BEGIN

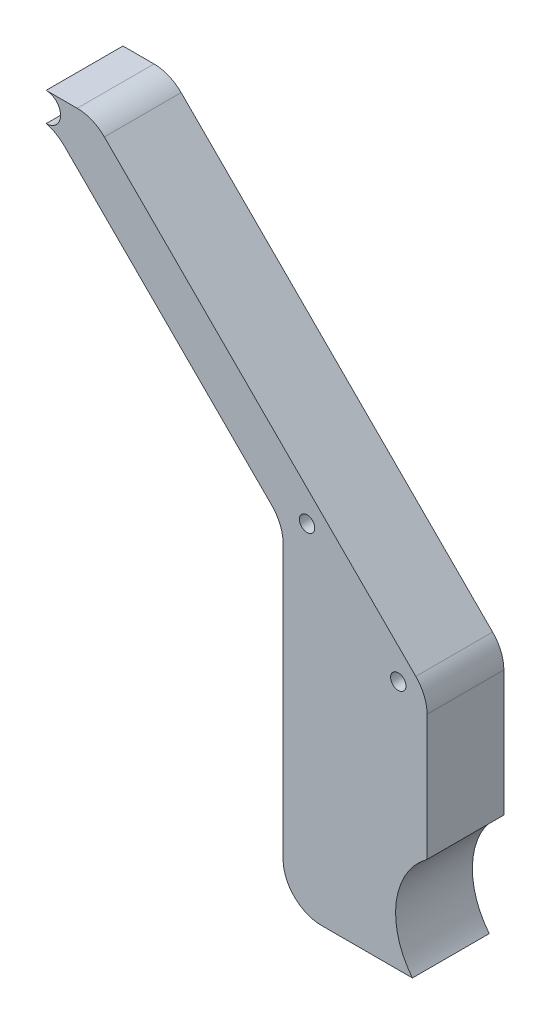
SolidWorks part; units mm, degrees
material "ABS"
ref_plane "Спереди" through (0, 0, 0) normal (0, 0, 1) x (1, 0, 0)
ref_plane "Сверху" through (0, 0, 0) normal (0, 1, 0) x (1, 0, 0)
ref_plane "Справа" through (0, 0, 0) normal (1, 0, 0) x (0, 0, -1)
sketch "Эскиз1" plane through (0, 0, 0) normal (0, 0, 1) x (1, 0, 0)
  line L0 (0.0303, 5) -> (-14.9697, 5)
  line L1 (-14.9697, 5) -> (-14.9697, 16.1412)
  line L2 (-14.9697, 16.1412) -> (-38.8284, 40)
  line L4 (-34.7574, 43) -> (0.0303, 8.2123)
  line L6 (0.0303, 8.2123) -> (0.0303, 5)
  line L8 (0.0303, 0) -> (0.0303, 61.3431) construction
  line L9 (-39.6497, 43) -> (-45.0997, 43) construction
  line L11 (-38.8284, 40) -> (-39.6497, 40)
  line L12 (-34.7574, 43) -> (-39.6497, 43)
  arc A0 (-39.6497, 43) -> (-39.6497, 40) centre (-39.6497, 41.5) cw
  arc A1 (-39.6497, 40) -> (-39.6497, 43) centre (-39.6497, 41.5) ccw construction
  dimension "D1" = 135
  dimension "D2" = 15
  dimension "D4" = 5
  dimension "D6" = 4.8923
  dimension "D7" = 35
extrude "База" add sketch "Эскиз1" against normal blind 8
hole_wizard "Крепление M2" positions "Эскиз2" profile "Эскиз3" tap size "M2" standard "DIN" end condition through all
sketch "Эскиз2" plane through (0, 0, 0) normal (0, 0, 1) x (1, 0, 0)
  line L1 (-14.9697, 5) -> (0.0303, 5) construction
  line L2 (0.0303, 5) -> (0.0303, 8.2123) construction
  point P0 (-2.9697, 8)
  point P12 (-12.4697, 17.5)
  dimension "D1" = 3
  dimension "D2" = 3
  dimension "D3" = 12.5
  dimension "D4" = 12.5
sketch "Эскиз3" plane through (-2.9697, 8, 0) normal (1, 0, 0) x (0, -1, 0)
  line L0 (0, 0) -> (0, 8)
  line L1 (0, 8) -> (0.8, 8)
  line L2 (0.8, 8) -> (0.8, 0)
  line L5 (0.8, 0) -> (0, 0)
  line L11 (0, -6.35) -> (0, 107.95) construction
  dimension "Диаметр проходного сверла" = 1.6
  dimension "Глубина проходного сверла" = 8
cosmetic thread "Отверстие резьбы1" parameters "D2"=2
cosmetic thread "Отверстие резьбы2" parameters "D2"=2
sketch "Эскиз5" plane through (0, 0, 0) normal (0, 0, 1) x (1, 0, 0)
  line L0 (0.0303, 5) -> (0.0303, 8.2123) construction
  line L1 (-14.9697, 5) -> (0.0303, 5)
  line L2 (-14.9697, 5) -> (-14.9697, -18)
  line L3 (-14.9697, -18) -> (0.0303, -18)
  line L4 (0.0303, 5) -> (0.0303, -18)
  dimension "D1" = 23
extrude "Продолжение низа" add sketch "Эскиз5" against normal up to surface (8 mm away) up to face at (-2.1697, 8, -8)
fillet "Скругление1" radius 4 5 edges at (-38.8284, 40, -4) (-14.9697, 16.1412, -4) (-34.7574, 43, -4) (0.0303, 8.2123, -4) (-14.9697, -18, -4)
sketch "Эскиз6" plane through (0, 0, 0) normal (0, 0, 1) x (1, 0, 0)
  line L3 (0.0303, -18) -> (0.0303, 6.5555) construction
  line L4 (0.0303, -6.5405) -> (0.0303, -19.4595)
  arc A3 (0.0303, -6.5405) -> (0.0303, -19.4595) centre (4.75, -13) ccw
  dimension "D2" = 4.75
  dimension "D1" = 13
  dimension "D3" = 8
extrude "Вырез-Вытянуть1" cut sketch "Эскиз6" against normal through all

END

WHAT YOU SHOULD DO:
From the line containing "line L2 (-14.9697, 5) -> (-14.9697, -18)" through the last line of the records, output each line exactly and nothing more.

SOLUTION TO THIS TASK:
  line L2 (-14.9697, 5) -> (-14.9697, -18)
  line L3 (-14.9697, -18) -> (0.0303, -18)
  line L4 (0.0303, 5) -> (0.0303, -18)
  dimension "D1" = 23
extrude "Продолжение низа" add sketch "Эскиз5" against normal up to surface (8 mm away) up to face at (-2.1697, 8, -8)
fillet "Скругление1" radius 4 5 edges at (-38.8284, 40, -4) (-14.9697, 16.1412, -4) (-34.7574, 43, -4) (0.0303, 8.2123, -4) (-14.9697, -18, -4)
sketch "Эскиз6" plane through (0, 0, 0) normal (0, 0, 1) x (1, 0, 0)
  line L3 (0.0303, -18) -> (0.0303, 6.5555) construction
  line L4 (0.0303, -6.5405) -> (0.0303, -19.4595)
  arc A3 (0.0303, -6.5405) -> (0.0303, -19.4595) centre (4.75, -13) ccw
  dimension "D2" = 4.75
  dimension "D1" = 13
  dimension "D3" = 8
extrude "Вырез-Вытянуть1" cut sketch "Эскиз6" against normal through all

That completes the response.